MATH/APPM 4650 Notes: February 4, 2009

MATH/APPM 4650
Class notes, February 4

Convergence acceleration

Most of today's notes including all examples will be on the board, but here are the basic concepts.

Aitken's method

If a sequence x_n is known to converge linearly, then its formula must look something like x_n ≈ p + q rⁿ for some C less than 1 in absolute value.

The graph looks like

However we often don't care about q or r, just the limit p.

If we suspect a sequence is converging linearly, we can take any three known points x_n, x_n+1, x_n+2 and solve for p, q, and r. (Three equations for three unknowns.)

Then the solution would be χ_n = x_n - (x_n+1 - x_n)^2 / (x_n+2 - 2 x_n+1 + x_n)

However the sequence is almost never exactly decaying exponentially, so this formula will not be perfect. Hence we just get an approximation for every n which we hope will be better.

This formula is called Aitken's method.

Aitken's formula is good to use if you already have a given sequence. If you are generating the terms yourself, it's probably better to use Steffensen's method (below).
Observe that you have to subtract numbers that are probably close to each other, then divide by numbers that are probably small. Once your approximation starts getting good, Aitken's method is very susceptible to roundoff error.
Observe again we try to write the formula in the form "our current guess plus a hopefully small correction" to minimize the effects of roundoff.
Aitken's method will not necessarily make a linearly convergent sequence superlinear. It may just be linear with a smaller asymptotic error constant.
If the sequence is not linearly convergent, Aitken's method may not help at all.

Steffensen's method

If you are actually generating the sequence yourself using x_n+1 = g(x_n) yourself, Aitken's method wastes some effort. You need to first generate all the values using the iteration, then also generate the new sequence χ using Aitken's formula for each n.

But if you think χ_n is a better approximation than x_n, why not just use that to generate new values?

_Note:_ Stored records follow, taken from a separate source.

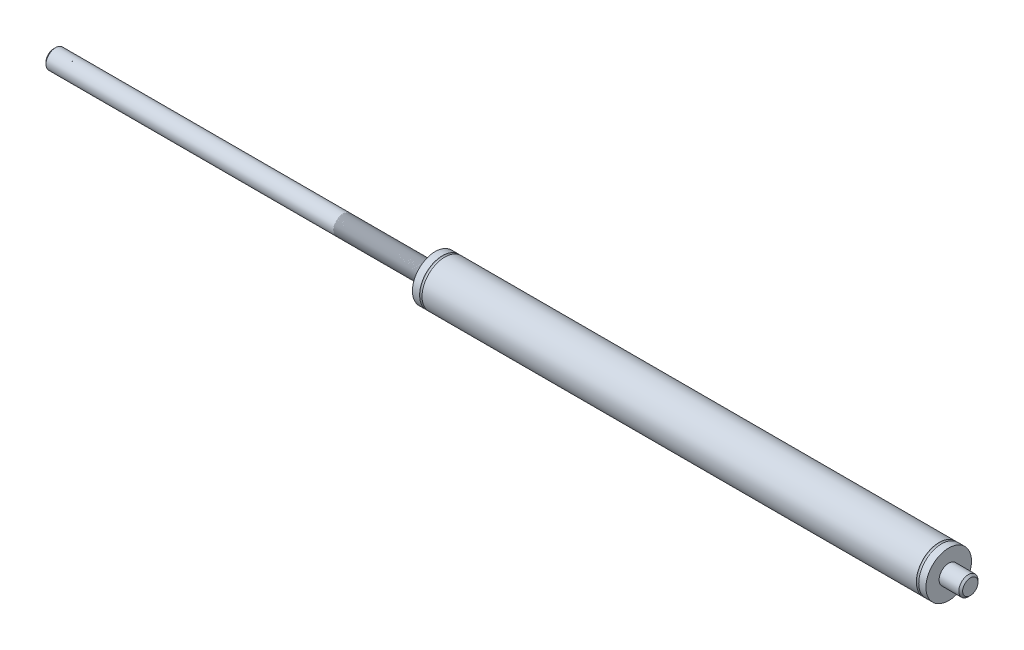
ISO-10303-21;
HEADER;
FILE_DESCRIPTION(('STEP AP214'),'2;1');
FILE_NAME('part.step','',(''),(''),'','','');
FILE_SCHEMA(('AUTOMOTIVE_DESIGN { 1 0 10303 214 1 1 1 1 }'));
ENDSEC;
DATA;
#1=APPLICATION_CONTEXT('core data for automotive mechanical design processes');
#2=APPLICATION_PROTOCOL_DEFINITION('international standard','automotive_design',2000,#1);
#3=PRODUCT_CONTEXT('',#1,'mechanical');
#4=PRODUCT('Part','Part','',(#3));
#5=PRODUCT_RELATED_PRODUCT_CATEGORY('part','',(#4));
#6=PRODUCT_DEFINITION_FORMATION('','',#4);
#7=PRODUCT_DEFINITION_CONTEXT('part definition',#1,'design');
#8=PRODUCT_DEFINITION('design','',#6,#7);
#9=PRODUCT_DEFINITION_SHAPE('','',#8);
#10=(LENGTH_UNIT() NAMED_UNIT(*) SI_UNIT(.MILLI.,.METRE.));
#11=(NAMED_UNIT(*) PLANE_ANGLE_UNIT() SI_UNIT($,.RADIAN.));
#12=(NAMED_UNIT(*) SI_UNIT($,.STERADIAN.) SOLID_ANGLE_UNIT());
#13=UNCERTAINTY_MEASURE_WITH_UNIT(LENGTH_MEASURE(1.E-05),#10,'distance_accuracy_value','');
#14=(GEOMETRIC_REPRESENTATION_CONTEXT(3) GLOBAL_UNCERTAINTY_ASSIGNED_CONTEXT((#13)) GLOBAL_UNIT_ASSIGNED_CONTEXT((#10,
#11,#12)) REPRESENTATION_CONTEXT('',''));
#15=CARTESIAN_POINT('',(0.,0.,0.));
#16=DIRECTION('',(0.,0.,1.));
#17=DIRECTION('',(1.,0.,0.));
#18=AXIS2_PLACEMENT_3D('',#15,#16,#17);
#19=CARTESIAN_POINT('',(-150.0001,4.04800210819405,-4.));
#20=DIRECTION('',(1.,0.,0.));
#21=DIRECTION('',(0.,0.,1.));
#22=AXIS2_PLACEMENT_3D('',#19,#20,#21);
#23=PLANE('',#22);
#24=CARTESIAN_POINT('',(-150.0001,0.,-4.));
#25=CARTESIAN_POINT('',(-150.0001,-0.500233775881683,-4.00000416861514));
#26=CARTESIAN_POINT('',(-150.0001,-0.984615384615385,-3.87692307692308));
#27=CARTESIAN_POINT('',(-150.0001,-1.45499480908051,-3.75739993230162));
#28=CARTESIAN_POINT('',(-150.0001,-1.88235294117647,-3.52941176470588));
#29=CARTESIAN_POINT('',(-150.0001,-2.28610208629266,-3.31401858308576));
#30=CARTESIAN_POINT('',(-150.0001,-2.63013698630137,-3.01369863013699));
#31=CARTESIAN_POINT('',(-150.0001,-2.94768870306678,-2.73649676301427));
#32=CARTESIAN_POINT('',(-150.0001,-3.2,-2.4));
#33=CARTESIAN_POINT('',(-150.0001,-3.63658069297695,-1.81775104100806));
#34=CARTESIAN_POINT('',(-150.0001,-3.84,-1.12));
#35=CARTESIAN_POINT('',(-150.0001,-3.99992379738115,-0.57144343603523));
#36=CARTESIAN_POINT('',(-150.0001,-4.,0.));
#37=B_SPLINE_CURVE_WITH_KNOTS('',2,(#24,#25,#26,#27,#28,#29,#30,#31,#32,#33,#34,#35,#36),
.UNSPECIFIED.,.F.,.F.,(3,2,2,2,2,2,3),(0.,0.125,0.25,0.375,0.5,0.75,1.),.UNSPECIFIED.);
#38=CARTESIAN_POINT('',(-150.00005,0.,-4.));
#39=VERTEX_POINT('',#38);
#40=CARTESIAN_POINT('',(-150.00005,-4.,0.));
#41=VERTEX_POINT('',#40);
#42=EDGE_CURVE('P0_E11',#39,#41,#37,.T.);
#43=ORIENTED_EDGE('',*,*,#42,.T.);
#44=CARTESIAN_POINT('',(-150.0001,-4.,0.));
#45=CARTESIAN_POINT('',(-150.0001,-3.99992373243989,0.571930430548999));
#46=CARTESIAN_POINT('',(-150.0001,-3.84,1.12));
#47=CARTESIAN_POINT('',(-150.0001,-3.63614901433663,1.81861127076107));
#48=CARTESIAN_POINT('',(-150.0001,-3.2,2.4));
#49=CARTESIAN_POINT('',(-150.0001,-2.94704642677385,2.73718832706312));
#50=CARTESIAN_POINT('',(-150.0001,-2.63013698630137,3.01369863013699));
#51=CARTESIAN_POINT('',(-150.0001,-2.28531676989029,3.31456168553752));
#52=CARTESIAN_POINT('',(-150.0001,-1.88235294117647,3.52941176470588));
#53=CARTESIAN_POINT('',(-150.0001,-1.45407456507855,3.75775891761147));
#54=CARTESIAN_POINT('',(-150.0001,-0.984615384615386,3.87692307692308));
#55=CARTESIAN_POINT('',(-150.0001,-0.499757885158302,3.99999583535061));
#56=CARTESIAN_POINT('',(-150.0001,0.,4.));
#57=B_SPLINE_CURVE_WITH_KNOTS('',2,(#44,#45,#46,#47,#48,#49,#50,#51,#52,#53,#54,#55,#56),
.UNSPECIFIED.,.F.,.F.,(3,2,2,2,2,2,3),(0.,0.25,0.5,0.625,0.75,0.875,1.),.UNSPECIFIED.);
#58=CARTESIAN_POINT('',(-150.00005,0.,4.));
#59=VERTEX_POINT('',#58);
#60=EDGE_CURVE('P0_E43',#41,#59,#57,.T.);
#61=ORIENTED_EDGE('',*,*,#60,.T.);
#62=CARTESIAN_POINT('',(-150.0001,0.,4.));
#63=CARTESIAN_POINT('',(-150.0001,0.500233775881882,4.00000416861514));
#64=CARTESIAN_POINT('',(-150.0001,0.984615384615385,3.87692307692308));
#65=CARTESIAN_POINT('',(-150.0001,1.45499480912804,3.75739993228949));
#66=CARTESIAN_POINT('',(-150.0001,1.88235294117647,3.52941176470588));
#67=CARTESIAN_POINT('',(-150.0001,2.28610208627952,3.31401858308026));
#68=CARTESIAN_POINT('',(-150.0001,2.63013698630137,3.01369863013699));
#69=CARTESIAN_POINT('',(-150.0001,2.9476887030197,2.73649676307103));
#70=CARTESIAN_POINT('',(-150.0001,3.2,2.4));
#71=CARTESIAN_POINT('',(-150.0001,3.63658069299503,1.81775104099438));
#72=CARTESIAN_POINT('',(-150.0001,3.84,1.12));
#73=CARTESIAN_POINT('',(-150.0001,3.999923797381,0.571443435997744));
#74=CARTESIAN_POINT('',(-150.0001,4.,0.));
#75=B_SPLINE_CURVE_WITH_KNOTS('',2,(#62,#63,#64,#65,#66,#67,#68,#69,#70,#71,#72,#73,#74),
.UNSPECIFIED.,.F.,.F.,(3,2,2,2,2,2,3),(0.,0.125,0.25,0.375,0.5,0.75,1.),.UNSPECIFIED.);
#76=CARTESIAN_POINT('',(-150.00005,4.,0.));
#77=VERTEX_POINT('',#76);
#78=EDGE_CURVE('P0_E33',#59,#77,#75,.T.);
#79=ORIENTED_EDGE('',*,*,#78,.T.);
#80=CARTESIAN_POINT('',(-150.0001,4.,0.));
#81=CARTESIAN_POINT('',(-150.0001,3.99992373243973,-0.57193043056434));
#82=CARTESIAN_POINT('',(-150.0001,3.84,-1.12));
#83=CARTESIAN_POINT('',(-150.0001,3.63614901433269,-1.81861127075573));
#84=CARTESIAN_POINT('',(-150.0001,3.2,-2.4));
#85=CARTESIAN_POINT('',(-150.0001,2.94704642678324,-2.73718832705675));
#86=CARTESIAN_POINT('',(-150.0001,2.63013698630137,-3.01369863013699));
#87=CARTESIAN_POINT('',(-150.0001,2.28531676988557,-3.31456168553965));
#88=CARTESIAN_POINT('',(-150.0001,1.88235294117647,-3.52941176470588));
#89=CARTESIAN_POINT('',(-150.0001,1.45407456509357,-3.75775891760387));
#90=CARTESIAN_POINT('',(-150.0001,0.984615384615385,-3.87692307692308));
#91=CARTESIAN_POINT('',(-150.0001,0.499757885173724,-3.99999583535061));
#92=CARTESIAN_POINT('',(-150.0001,0.,-4.));
#93=B_SPLINE_CURVE_WITH_KNOTS('',2,(#80,#81,#82,#83,#84,#85,#86,#87,#88,#89,#90,#91,#92),
.UNSPECIFIED.,.F.,.F.,(3,2,2,2,2,2,3),(0.,0.25,0.5,0.625,0.75,0.875,1.),.UNSPECIFIED.);
#94=EDGE_CURVE('P0_E26',#77,#39,#93,.T.);
#95=ORIENTED_EDGE('',*,*,#94,.T.);
#96=EDGE_LOOP('',(#43,#61,#79,#95));
#97=FACE_BOUND('',#96,.T.);
#98=ADVANCED_FACE('P0_F16',(#97),#23,.F.);
#99=CARTESIAN_POINT('',(-150.,4.,-4.04800210819405));
#100=DIRECTION('',(-1.,0.,0.));
#101=DIRECTION('',(0.,-1.,0.));
#102=AXIS2_PLACEMENT_3D('',#99,#100,#101);
#103=PLANE('',#102);
#104=ORIENTED_EDGE('',*,*,#78,.F.);
#105=ORIENTED_EDGE('',*,*,#60,.F.);
#106=ORIENTED_EDGE('',*,*,#42,.F.);
#107=ORIENTED_EDGE('',*,*,#94,.F.);
#108=EDGE_LOOP('',(#104,#105,#106,#107));
#109=FACE_BOUND('',#108,.T.);
#110=ADVANCED_FACE('P0_F45',(#109),#103,.F.);
#111=CLOSED_SHELL('',(#98,#110));
#112=MANIFOLD_SOLID_BREP('P0_B1',#111);
#113=CARTESIAN_POINT('',(-39.1121,3.16597578545373,3.27167321427358));
#114=DIRECTION('',(-1.,0.,0.));
#115=DIRECTION('',(0.,0.0223797657626337,-0.999749541677519));
#116=AXIS2_PLACEMENT_3D('',#113,#114,#115);
#117=PLANE('',#116);
#118=CARTESIAN_POINT('',(-39.1121,0.,0.));
#119=DIRECTION('',(1.,0.,0.));
#120=DIRECTION('',(0.,0.0223797657626337,-0.999749541677519));
#121=AXIS2_PLACEMENT_3D('',#118,#119,#120);
#122=CIRCLE('',#121,3.2);
#123=CARTESIAN_POINT('',(-39.1121,0.0716152504404279,-3.19919853336806));
#124=VERTEX_POINT('',#123);
#125=EDGE_CURVE('P1_E17',#124,#124,#122,.T.);
#126=ORIENTED_EDGE('',*,*,#125,.F.);
#127=EDGE_LOOP('',(#126));
#128=FACE_BOUND('',#127,.T.);
#129=ADVANCED_FACE('P1_F14',(#128),#117,.T.);
#130=CARTESIAN_POINT('',(-39.1121,0.,0.));
#131=DIRECTION('',(1.,0.,0.));
#132=DIRECTION('',(0.,0.0223797657626337,-0.999749541677519));
#133=AXIS2_PLACEMENT_3D('',#130,#131,#132);
#134=CONICAL_SURFACE('',#133,3.2,0.785398163397434);
#135=CARTESIAN_POINT('',(-38.3121,0.,0.));
#136=DIRECTION('',(1.,0.,0.));
#137=DIRECTION('',(0.,-0.0223797657626337,0.999749541677519));
#138=AXIS2_PLACEMENT_3D('',#135,#136,#137);
#139=CIRCLE('',#138,4.);
#140=CARTESIAN_POINT('',(-38.3121,-0.0895190630505348,3.99899816671008));
#141=VERTEX_POINT('',#140);
#142=EDGE_CURVE('P1_E21',#141,#141,#139,.T.);
#143=ORIENTED_EDGE('',*,*,#142,.F.);
#144=EDGE_LOOP('',(#143));
#145=FACE_BOUND('',#144,.T.);
#146=ORIENTED_EDGE('',*,*,#125,.T.);
#147=EDGE_LOOP('',(#146));
#148=FACE_BOUND('',#147,.T.);
#149=ADVANCED_FACE('P1_F31',(#145,#148),#134,.T.);
#150=CARTESIAN_POINT('',(119.887,-3.90840482772205,-4.13650731542717));
#151=DIRECTION('',(1.,0.,0.));
#152=DIRECTION('',(0.,0.999749541677519,0.0223797657626337));
#153=AXIS2_PLACEMENT_3D('',#150,#151,#152);
#154=PLANE('',#153);
#155=CARTESIAN_POINT('',(119.887,0.,0.));
#156=DIRECTION('',(-1.,0.,0.));
#157=DIRECTION('',(0.,-0.0223797657626337,0.999749541677519));
#158=AXIS2_PLACEMENT_3D('',#155,#156,#157);
#159=CIRCLE('',#158,4.);
#160=CARTESIAN_POINT('',(119.887,-0.0895190630505348,3.99899816671008));
#161=VERTEX_POINT('',#160);
#162=EDGE_CURVE('P1_E10',#161,#161,#159,.T.);
#163=ORIENTED_EDGE('',*,*,#162,.F.);
#164=EDGE_LOOP('',(#163));
#165=FACE_BOUND('',#164,.T.);
#166=ADVANCED_FACE('P1_F38',(#165),#154,.T.);
#167=CARTESIAN_POINT('',(-30.112,0.,0.));
#168=DIRECTION('',(-1.,0.,0.));
#169=DIRECTION('',(0.,-0.0223797657626337,0.999749541677519));
#170=AXIS2_PLACEMENT_3D('',#167,#168,#169);
#171=CYLINDRICAL_SURFACE('',#170,4.);
#172=ORIENTED_EDGE('',*,*,#142,.T.);
#173=EDGE_LOOP('',(#172));
#174=FACE_BOUND('',#173,.T.);
#175=ORIENTED_EDGE('',*,*,#162,.T.);
#176=EDGE_LOOP('',(#175));
#177=FACE_BOUND('',#176,.T.);
#178=ADVANCED_FACE('P1_F40',(#174,#177),#171,.T.);
#179=CLOSED_SHELL('',(#129,#149,#166,#178));
#180=MANIFOLD_SOLID_BREP('P1_B1',#179);
#181=CARTESIAN_POINT('',(-159.0001,3.23840212065681,3.2));
#182=DIRECTION('',(-1.,0.,0.));
#183=DIRECTION('',(0.,0.,-1.));
#184=AXIS2_PLACEMENT_3D('',#181,#182,#183);
#185=PLANE('',#184);
#186=CARTESIAN_POINT('',(-159.0001,0.,0.));
#187=DIRECTION('',(1.,0.,0.));
#188=DIRECTION('',(0.,0.,-1.));
#189=AXIS2_PLACEMENT_3D('',#186,#187,#188);
#190=CIRCLE('',#189,3.2);
#191=CARTESIAN_POINT('',(-159.0001,0.,-3.2));
#192=VERTEX_POINT('',#191);
#193=EDGE_CURVE('P2_E17',#192,#192,#190,.T.);
#194=ORIENTED_EDGE('',*,*,#193,.F.);
#195=EDGE_LOOP('',(#194));
#196=FACE_BOUND('',#195,.T.);
#197=ADVANCED_FACE('P2_F14',(#196),#185,.T.);
#198=CARTESIAN_POINT('',(-159.0001,0.,0.));
#199=DIRECTION('',(1.,0.,0.));
#200=DIRECTION('',(0.,0.,-1.));
#201=AXIS2_PLACEMENT_3D('',#198,#199,#200);
#202=CONICAL_SURFACE('',#201,3.2,0.785398163397434);
#203=CARTESIAN_POINT('',(-158.2001,0.,0.));
#204=DIRECTION('',(1.,0.,0.));
#205=DIRECTION('',(0.,0.,1.));
#206=AXIS2_PLACEMENT_3D('',#203,#204,#205);
#207=CIRCLE('',#206,4.);
#208=CARTESIAN_POINT('',(-158.2001,0.,4.));
#209=VERTEX_POINT('',#208);
#210=EDGE_CURVE('P2_E21',#209,#209,#207,.T.);
#211=ORIENTED_EDGE('',*,*,#210,.F.);
#212=EDGE_LOOP('',(#211));
#213=FACE_BOUND('',#212,.T.);
#214=ORIENTED_EDGE('',*,*,#193,.T.);
#215=EDGE_LOOP('',(#214));
#216=FACE_BOUND('',#215,.T.);
#217=ADVANCED_FACE('P2_F31',(#213,#216),#202,.T.);
#218=CARTESIAN_POINT('',(-0.001,-4.,-4.04800210819405));
#219=DIRECTION('',(1.,0.,0.));
#220=DIRECTION('',(0.,1.,0.));
#221=AXIS2_PLACEMENT_3D('',#218,#219,#220);
#222=PLANE('',#221);
#223=CARTESIAN_POINT('',(-0.001000000000001,0.,0.));
#224=DIRECTION('',(-1.,0.,0.));
#225=DIRECTION('',(0.,0.,1.));
#226=AXIS2_PLACEMENT_3D('',#223,#224,#225);
#227=CIRCLE('',#226,4.);
#228=CARTESIAN_POINT('',(-0.001000000000001,0.,4.));
#229=VERTEX_POINT('',#228);
#230=EDGE_CURVE('P2_E10',#229,#229,#227,.T.);
#231=ORIENTED_EDGE('',*,*,#230,.F.);
#232=EDGE_LOOP('',(#231));
#233=FACE_BOUND('',#232,.T.);
#234=ADVANCED_FACE('P2_F38',(#233),#222,.T.);
#235=CARTESIAN_POINT('',(-150.,0.,0.));
#236=DIRECTION('',(-1.,0.,0.));
#237=DIRECTION('',(0.,0.,1.));
#238=AXIS2_PLACEMENT_3D('',#235,#236,#237);
#239=CYLINDRICAL_SURFACE('',#238,4.);
#240=ORIENTED_EDGE('',*,*,#210,.T.);
#241=EDGE_LOOP('',(#240));
#242=FACE_BOUND('',#241,.T.);
#243=ORIENTED_EDGE('',*,*,#230,.T.);
#244=EDGE_LOOP('',(#243));
#245=FACE_BOUND('',#244,.T.);
#246=ADVANCED_FACE('P2_F40',(#242,#245),#239,.T.);
#247=CLOSED_SHELL('',(#197,#217,#234,#246));
#248=MANIFOLD_SOLID_BREP('P2_B1',#247);
#249=CARTESIAN_POINT('',(223.,3.23840212065681,-3.2));
#250=DIRECTION('',(1.,0.,0.));
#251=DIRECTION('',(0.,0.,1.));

This is Steffensen's method.

x = x_n given.
y = g(x_n).
z = g(y).
x_n+1 = x - (y - x)²/(z - 2y + x).

Observe that each iteration requires two function evaluations, which will slow us down a bit.

Steffensen's method is the same as replacing the iteration x_n+1 = g(x_n) with the iteration x_n+1 = h(x_n), where h is the function h(x) = x - [g(x) - x]² / [g(g(x)) - 2 g(x) + x].

You can compute that h(p) = p, h'(p) = 0, and h''(p) = g'(p)g''(p)/(g'(p)-1).

So if the original sequence was linearly convergent, then the new sequence will be quadratically convergent.
If the original sequence was quadratically convergent, the new sequence will be cubically convergent.

Because Steffensen's method is so fast, and relies so heavily on cancelation from dividing by small numbers, it is very susceptible to roundoff error.

Generally there is a "sweet spot" in the number of iterations, where Steffensen's method gives a good answer and then starts to give bad answers due to roundoff error.

Loosely speaking, your computations should be in many more digits than the tolerance you need. (Three or four times as much or so.)